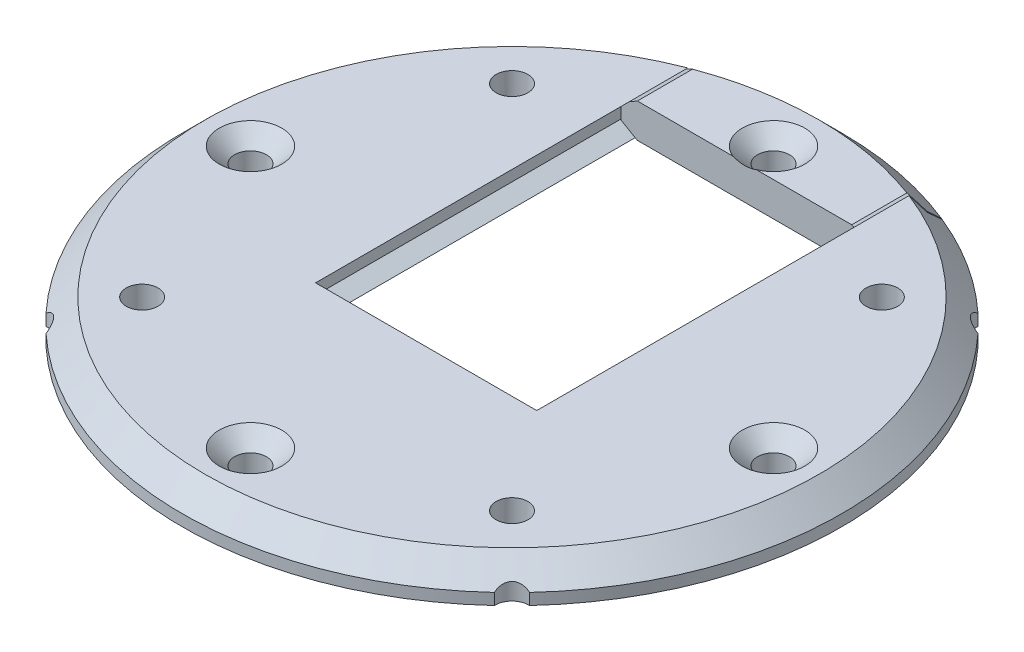
SolidWorks part; units mm, degrees
ref_plane "Front Plane" through (0, 0, 0) normal (0, 0, 1) x (1, 0, 0)
ref_plane "Top Plane" through (0, 0, 0) normal (0, 1, 0) x (1, 0, 0)
ref_plane "Right Plane" through (0, 0, 0) normal (1, 0, 0) x (0, 0, -1)
sketch "Sketch1" plane through (0, 0, 0) normal (0, 1, 0) x (1, 0, 0)
  circle A0 centre (0, 0) radius 29
  dimension "D1" = 58
extrude "Boss-Extrude1" add sketch "Sketch1" along normal mid plane 3
sketch "Sketch2" plane through (0, 1.5, 0) normal (0, 1, 0) x (1, 0, 0)
  line L0 (-11.025, 7.55) -> (-11.025, 29)
  line L1 (-11.025, -7.55) -> (11.025, -7.55)
  line L2 (-11.025, -7.55) -> (-11.025, 7.55)
  line L3 (-11.025, 7.55) -> (11.025, 7.55) construction
  line L4 (11.025, -7.55) -> (11.025, 7.55)
  line L5 (-11.025, -7.55) -> (11.025, 7.55) construction
  line L6 (-11.025, 7.55) -> (11.025, -7.55) construction
  line L7 (-11.025, 29) -> (11.025, 29)
  line L8 (11.025, 29) -> (11.025, 7.55)
  circle A0 centre (0, 0) radius 29 construction
  point P0 (0, 0)
  dimension "D1" = 7.55
  dimension "D2" = 22.05
extrude "Cut-Extrude1" cut sketch "Sketch2" against normal through all
sketch "Sketch3" plane through (0, 0, 7.55) normal (0, 0, -1) x (-1, 0, 0)
  line L0 (0, -1.5) -> (0, 1.5) construction
  line L1 (11.025, -1.5) -> (-11.025, -1.5) construction
  line L2 (11.025, 1.5) -> (-11.025, 1.5) construction
  line L3 (-11.525, -1.5) -> (-9.726, -1.5)
  line L5 (-9.726, -1.5) -> (-11.025, -0.75)
  line L6 (-11.025, -1.5) -> (-11.025, 1.5) construction
  line L7 (-11.025, -0.75) -> (-11.025, 0.75)
  line L8 (-11.025, 0.75) -> (-9.726, 1.5)
  line L9 (-9.726, 1.5) -> (-11.525, 1.5)
  line L10 (29, 1.5) -> (-29, 1.5) construction
  line L11 (-11.525, 1.5) -> (-11.525, -1.5)
  line L12 (-29, -1.5) -> (29, -1.5) construction
  line L13 (-11.025, -1.5) -> (-11.025, 1.5) construction
  line L21 (11.525, 1.5) -> (11.525, -1.5)
  line L22 (9.726, 1.5) -> (11.525, 1.5)
  line L23 (11.025, 0.75) -> (9.726, 1.5)
  line L24 (11.025, -0.75) -> (11.025, 0.75)
  line L25 (9.726, -1.5) -> (11.025, -0.75)
  line L26 (11.525, -1.5) -> (9.726, -1.5)
  point P10 (-11.025, 0)
  dimension "D1" = 0.5
  dimension "D2" = 60
  dimension "D3" = 1.5
extrude "Boss-Extrude2" add sketch "Sketch3" along normal up to surface (34.1615 mm away) up to face at (0, 0, 1.0887)
ref_plane "Plane1" through (0, 0, -20.45) normal (0, 0, -1) x (-1, 0, 0)
sketch "Sketch6" plane through (0, 0, -20.45) normal (0, 0, -1) x (-1, 0, 0)
  line L0 (-9.726, -1.5) -> (-11.025, -0.75) construction
  line L1 (-11.025, -0.75) -> (-11.025, 0.75) construction
  line L2 (-11.025, 0.75) -> (-9.726, 1.5) construction
  line L3 (-9.726, -1.5) -> (-11.025, -0.75) construction
  line L4 (-11.025, -0.75) -> (-11.025, 0.75) construction
  line L5 (-11.025, 0.75) -> (-9.726, 1.5) construction
  line L6 (-9.426, 1.5) -> (-10.875, 0.6634)
  line L7 (9.726, 1.5) -> (-9.726, 1.5) construction
  line L8 (-10.875, 0.6634) -> (-10.875, -0.6634)
  line L9 (-10.875, -0.6634) -> (-9.426, -1.5)
  line L10 (9.726, -1.5) -> (-9.726, -1.5) construction
  line L11 (0, 0) -> (0, 1.5) construction
  line L12 (10.875, -0.6634) -> (9.426, -1.5)
  line L13 (10.875, 0.6634) -> (10.875, -0.6634)
  line L14 (9.426, 1.5) -> (10.875, 0.6634)
  line L15 (-10.875, 0.6634) -> (-10.95, 0.7933) construction
  line L16 (-10.875, 0.6634) -> (-11.025, 0.6634) construction
  line L17 (10.875, -0.6634) -> (9.426, -1.5)
  line L18 (10.875, 0.6634) -> (10.875, -0.6634)
  line L19 (9.426, 1.5) -> (10.875, 0.6634)
  line L20 (-9.426, 1.5) -> (9.426, 1.5)
  line L21 (9.426, -1.5) -> (-9.426, -1.5)
  dimension "D1" = 0.15
extrude "Boss-Extrude3" add sketch "Sketch6" along normal up to surface (6.4337 mm away) separate body contours L21 L12 L13 L14 L20 L6 L8 L9 region at (0, 0, -20.45) up to face at (0, 0, -12.9953)
chamfer "Chamfer1" distance 2 angle 45 1 edges at (0, 1.5, 29)
chamfer "Chamfer2" distance 2 angle 45 2 edges at (-4.7783, 1.5, -28.6036) (4.7783, 1.5, -28.6036)
sketch "Sketch5" plane through (0, 1.5, 0) normal (0, 1, 0) x (1, 0, 0)
  circle A0 centre (0, 0) radius 23 construction
  circle A1 centre (0, 23) radius 1.4
  circle A2 centre (16.2635, 16.2635) radius 1.4
  circle A3 centre (23, 0) radius 1.4
  circle A4 centre (16.2635, -16.2635) radius 1.4
  circle A5 centre (0, -23) radius 1.4
  circle A6 centre (-16.2635, -16.2635) radius 1.4
  circle A7 centre (-23, 0) radius 1.4
  circle A8 centre (-16.2635, 16.2635) radius 1.4
  point P21 (0, 0)
  dimension "D1" = 46
  dimension "D2" = 2.8
  dimension "D3" = 8
extrude "Cut-Extrude2" cut sketch "Sketch5" against normal through all
hole_wizard "CSK for M2.5 Flat Head Machine Screw1" positions "Sketch7" profile "Sketch8" countersink size "M2.5" standard "ANSI Metric" end condition through all
sketch "Sketch7" plane through (0, 1.5, 0) normal (0, 1, 0) x (1, 0, 0)
  circle A0 centre (0, 23) radius 1.125 construction
  point P13 (0, 23)
  point P16 (23, 0)
  point P19 (0, -23)
  point P22 (-23, 0)
  point P26 (0, 0)
  point P27 (0, 0)
sketch "Sketch8" plane through (0, 1.5, -23) normal (1, 0, 0) x (0, 0, 1)
  line L0 (0, 0) -> (0, 3)
  line L1 (0, 3) -> (1.35, 3)
  line L2 (1.35, 3) -> (1.35, 1.4)
  line L3 (1.35, 1.4) -> (2.75, 0)
  line L5 (2.75, 0) -> (0, 0)
  line L6 (-1.35, 1.4) -> (-2.75, 0) construction
  line L11 (0, -6.35) -> (0, 107.95) construction
  dimension "Thru Hole Dia." = 2.7
  dimension "Thru Hole Depth" = 3
  dimension "Near C'Sink Dia." = 5.5
  dimension "Near C'Sink Angle" = 90
sketch "Sketch10" [suppressed] plane through (0, 1.5, 0) normal (0, 1, 0) x (1, 0, 0)
  line L0 (0, 0) -> (0, -30) construction
  line L1 (15, -12.5) -> (11.5, -12.5) construction
  line L6 (-15, 12.5) -> (-11.5, 12.5) construction
  line L7 (-15, 12.5) -> (-15, -12.5) construction
  line L8 (-15, -12.5) -> (-11.5, -12.5) construction
  line L9 (-11.5, 12.5) -> (-11.5, -12.5) construction
  line L10 (-11.5, -12.5) -> (11.5, -12.5) construction
  line L11 (-11.5, -12.5) -> (-11.5, -9) construction
  line L12 (-11.5, -9) -> (11.5, -9) construction
  line L13 (11.5, -12.5) -> (11.5, -9) construction
  line L14 (11.5, 12.5) -> (11.5, -12.5) construction
  line L15 (15, 12.5) -> (11.5, 12.5) construction
  line L16 (15, 12.5) -> (15, -12.5) construction
  line L17 (0, 0) -> (-11.5, 0) construction
  line L18 (-11.5, -9) -> (-11.5, 12.5)
  line L19 (-11.5, 12.5) -> (-15, 12.5)
  line L20 (-15, 12.5) -> (-15, -12.5)
  line L21 (-15, -12.5) -> (15, -12.5)
  line L22 (15, -12.5) -> (15, 12.5)
  line L23 (15, 12.5) -> (11.5, 12.5)
  line L24 (11.5, 12.5) -> (11.5, -9)
  line L25 (11.5, -9) -> (-11.5, -9)
  arc A0 (-11.025, 27.9007) -> (11.025, 27.9007) centre (0, 0) ccw construction
  point P18 (-11.5, 0)
  point P36 (0, -12.5)
  point P37 (0, -9)
  dimension "D5" = 30
  dimension "D1" = 3.5
  dimension "D2" = 3.5
  dimension "D3" = 23
  dimension "D4" = 25
  dimension "D6" = 25
extrude "Boss-Extrude4" [suppressed] add sketch "Sketch10" along normal blind 5
sketch "Sketch11" [suppressed] plane through (0, 0, 9) normal (0, 0, -1) x (-1, 0, 0)
  line L0 (-11.5, 6.5) -> (11.5, 6.5) construction
  line L1 (0, 6.5) -> (-2.45, 5.0855) construction
  line L2 (-2.45, 5.0855) -> (-2.45, 2.2565)
  line L3 (-2.45, 2.2565) -> (0, 0.842)
  line L4 (0, 0.842) -> (2.45, 2.2565)
  line L5 (2.45, 2.2565) -> (2.45, 5.0855)
  line L6 (2.45, 5.0855) -> (0, 6.5) construction
  line L7 (-2.45, 5.0855) -> (-2.45, 6.5)
  line L8 (-2.45, 6.5) -> (2.45, 6.5)
  line L9 (2.45, 6.5) -> (2.45, 5.0855)
  circle A0 centre (0, 3.671) radius 2.45 construction
  dimension "D1" = 4.9
extrude "Cut-Extrude3" [suppressed] cut sketch "Sketch11" against normal blind 2
chamfer "Chamfer3" [suppressed] distance 3.5 angle 45
sketch "Sketch12" [suppressed] plane through (-11.5, 0, 0) normal (1, 0, 0) x (0, 0, -1)
  line L0 (0, 0) -> (0, 6.5) construction
  line L1 (-9, 6.5) -> (9, 6.5) construction
  line L2 (-9, 5.0855) -> (-9, 6.5)
  line L3 (-6.55, 6.5) -> (-9, 5.0855) construction
  line L4 (-9, 5.0855) -> (-9, 2.2565)
  line L5 (-9, 2.2565) -> (-6.55, 0.842)
  line L6 (-6.55, 0.842) -> (-4.1, 2.2565)
  line L7 (-4.1, 2.2565) -> (-4.1, 5.0855)
  line L8 (-4.1, 5.0855) -> (-6.55, 6.5) construction
  line L9 (-9, 6.5) -> (-4.1, 6.5)
  line L10 (-4.1, 6.5) -> (-4.1, 5.0855)
  line L11 (9, 6.5) -> (4.1, 6.5)
  line L12 (9, 5.0855) -> (9, 6.5)
  line L13 (9, 5.0855) -> (9, 2.2565)
  line L14 (9, 2.2565) -> (6.55, 0.842)
  line L15 (6.55, 0.842) -> (4.1, 2.2565)
  line L16 (4.1, 2.2565) -> (4.1, 5.0855)
  line L17 (4.1, 6.5) -> (4.1, 5.0855)
  line L18 (-9, 6.5) -> (-9, 1.5) construction
  circle A0 centre (-6.55, 3.671) radius 2.45 construction
  dimension "D2" = 4.9
extrude "Cut-Extrude4" [suppressed] cut sketch "Sketch12" against normal blind 2
mirror "Mirror1" [suppressed] about plane through (0, 0, 0) normal (1, 0, 0)
sketch "Sketch13" [suppressed] plane through (0, 0, 11) normal (0, 0, -1) x (-1, 0, 0)
  circle A0 centre (0, 3.671) radius 1.4
  dimension "D1" = 2.8
extrude "Cut-Extrude5" [suppressed] cut sketch "Sketch13" against normal blind 2
sketch "Sketch14" [suppressed] plane through (-15, 0, 0) normal (-1, 0, 0) x (0, 0, 1)
  line L0 (0, 6.5) -> (0, 0) construction
  line L1 (-9, 6.5) -> (9, 6.5) construction
  circle A0 centre (6.55, 3.671) radius 1.4
  circle A1 centre (-6.55, 3.671) radius 1.4
  dimension "D1" = 2.8
extrude "Cut-Extrude6" [suppressed] cut sketch "Sketch14" against normal through all both and the other way through all
sketch "Sketch15" plane through (0, 0, 0) normal (0, 1, 0) x (1, 0, 0)
  line L0 (0, 0) -> (-20.5061, 20.5061) construction
  line L1 (0, 0) -> (0, -29) construction
  arc A0 (-11.025, 26.8226) -> (11.025, 26.8226) centre (0, 0) ccw construction
  circle A1 centre (-21.2132, 21.2132) radius 1.5
  circle A2 centre (21.2132, 21.2132) radius 1.5
  circle A3 centre (21.2132, -21.2132) radius 1.5
  circle A4 centre (-21.2132, -21.2132) radius 1.5
  point P17 (0, 0)
  dimension "D2" = 3
  dimension "D1" = 135
  dimension "D3" = 1
  dimension "D4" = 4
extrude "Cut-Extrude7" cut sketch "Sketch15" against normal through all
equation "\"m2.5 width\"= 4.9mm"
equation "\"D1@Sketch11\"=\"m2.5 width\""
equation "\"D2@Sketch12\"=\"m2.5 width\""

◆ Task to carry out ◆
Set aside each line above that includes the string "equation" and report it.

◆ Solution for this problem ◆
equation "\"m2.5 width\"= 4.9mm"
equation "\"D1@Sketch11\"=\"m2.5 width\""
equation "\"D2@Sketch12\"=\"m2.5 width\""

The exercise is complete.